# Losing connection



## Bigg (Oct 31, 2003)

My minis keep losing their connection. It seems like every day now two of the three don't have a connection when I go to watch TV, and I have to wait for them to reboot- then it's fine. Now my third one just lost it in the middle of watching a show.

I'm hoping that it's just that the mini's have new software and the XL4 doesn't yet (as of a day or two ago), but what else could be causing this? It wasn't happening up until recently...

Would adding MoCA filters help at all? I'm currently totally unfiltered.


----------



## wizardman13 (Feb 26, 2013)

Bigg said:


> My minis keep losing their connection. It seems like every day now two of the three don't have a connection when I go to watch TV, and I have to wait for them to reboot- then it's fine. Now my third one just lost it in the middle of watching a show.
> 
> I'm hoping that it's just that the mini's have new software and the XL4 doesn't yet (as of a day or two ago), but what else could be causing this? It wasn't happening up until recently...
> 
> Would adding MoCA filters help at all? I'm currently totally unfiltered.


Same problem here and same setup (Almost, I only have two Minis). I was actually just looking at old post to see if anyone else is having this problem. My problem started around the end of September, start of October and it's killing me. I tried to talk to Tivo and I wasn't getting anywhere. I've had no problems for over 6 months and now this.


----------



## lgnad (Feb 14, 2013)

It definitely could be the mix of software versions for both of you guys.

A moca poe filter could help... you might be getting interference from outside the house.
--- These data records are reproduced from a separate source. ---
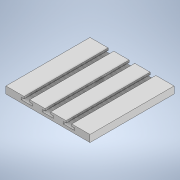
# Autodesk Inventor part: base plate
Saved by Autodesk Inventor 2022 (Build 260153000, 153)
## iProperties
Created: 2021-06-20
Part Number: base plate
Material: Generic
Document SubType Name: Modeling
Designer: WASHINGTON
Density: 1 g/cm^3
Appearance: Default
Author: WASHINGTON
Autodesk Inventor part; units mm, degrees
ref_plane "YZ Plane" through (0, 0, 0) normal (1, 0, 0) x (0, 1, 0)
ref_plane "XZ Plane" through (0, 0, 0) normal (0, 1, 0) x (-1, 0, 0)
ref_plane "XY Plane" through (0, 0, 0) normal (0, 0, 1) x (1, 0, 0)
sketch "Sketch1" plane through (0, 0, 0) normal (0, 0, 1) x (1, 0, 0)
  line L0 (-300, 0) -> (300, 0)
  line L1 (300, 0) -> (300, 50)
  line L2 (-300, 50) -> (-300, 0)
  line L3 (-20, 50) -> (-20, 35)
  line L4 (-20, 35) -> (-40, 35)
  line L5 (-40, 35) -> (-40, 20)
  line L6 (-40, 20) -> (40, 20)
  line L7 (40, 20) -> (40, 35)
  line L8 (40, 35) -> (20, 35)
  line L9 (20, 35) -> (20, 50)
  line L10 (-75, 159.793) -> (-75, -97.8722) construction
  line L11 (75, 159.793) -> (75, -92.8199) construction
  line L12 (-130, 50) -> (-130, 35)
  line L13 (-130, 35) -> (-110, 35)
  line L14 (-110, 35) -> (-110, 20)
  line L15 (-110, 20) -> (-190, 20)
  line L16 (-190, 20) -> (-190, 35)
  line L17 (-190, 35) -> (-170, 35)
  line L18 (-170, 35) -> (-170, 50)
  line L19 (170, 50) -> (170, 35)
  line L20 (170, 35) -> (190, 35)
  line L21 (190, 35) -> (190, 20)
  line L22 (190, 20) -> (110, 20)
  line L23 (110, 20) -> (110, 35)
  line L24 (110, 35) -> (130, 35)
  line L25 (130, 35) -> (130, 50)
  line L26 (-20, 50) -> (-130, 50)
  line L27 (-170, 50) -> (-300, 50)
  line L28 (300, 50) -> (170, 50)
  line L29 (130, 50) -> (20, 50)
  point P0 (0, 0)
  dimension "d0" = 300
  dimension "d1" = 600
  dimension "d2" = 50
  dimension "d3" = 50
  dimension "d4" = 20
  dimension "d5" = 20
  dimension "d6" = 20
  dimension "d7" = 20
  dimension "d8" = 30
  dimension "d9" = 15
  dimension "d10" = 15
  dimension "d12" = 75
  dimension "d13" = 75
  dimension "d14" = 15
  dimension "d15" = 109.793
  dimension "d16" = 142.8199
  dimension "d17" = 109.793
  dimension "d18" = 147.8722
  constraints: 60 end point, 16 symmetric about line, 9 perpendicular, 5 parallel, 4 vertical, 1 horizontal
  measures "d0" distance of point (0, 0) L0.start
  measures "d1" distance of L0.start L0.end
  measures "d2" distance of L2.start L0.start
  measures "d3" vertical distance of point (0, 0) L2.start
  measures "d4" horizontal distance of point (0, 0) L3.start
  measures "d5" horizontal distance of point (0, 0) L9.end
  measures "d6" distance of L3.end L4.end
  measures "d7" distance of L7.end L8.end
  measures "d8" vertical distance of L3.start L5.end
  measures "d9" distance of L4.end L5.end
  measures "d10" distance of L8.end L9.end
  measures "d12" distance from line of point (0, 0) L11
  measures "d13" distance from line of point (0, 0) L10
  measures "d14" distance between parallel lines of L24 L28
  measures "d15" distance from line of L11.start L28
  measures "d16" distance from line of L11.end L28
  measures "d17" distance from line of L10.start L28
  measures "d18" distance from line of L10.end L28
extrude "Extrusion1" add sketch "Sketch1" along normal mid plane 600
body "Solid1"

Only one is needed.

With a filter installed, you should get a cleaner signal and theoretically more bandwidth.

Have you checked your 'network status' and looked at your Moca speeds, bad packets, packets with errors, tx and rx power, etc?


----------



## Bigg (Oct 31, 2003)

lgnad said:


> It definitely could be the mix of software versions for both of you guys.
> 
> A moca poe filter could help... you might be getting interference from outside the house. Only one is needed.
> 
> ...


I haven't looked at the network stats. I'm hoping it will clear up when I get the new software on the XL4, if that doesn't work, I guess I'll get a filter or two (I could also block off the whole line to the cable modem in case there's interference or something there).


----------



## Coffee (Feb 15, 2013)

MoCA networking issues generally stem from bad coaxial wiring, splitters that aren't rated for up to 2000Khz, and/or other frequencies (from other devices) that are interfering with MoCA communication. 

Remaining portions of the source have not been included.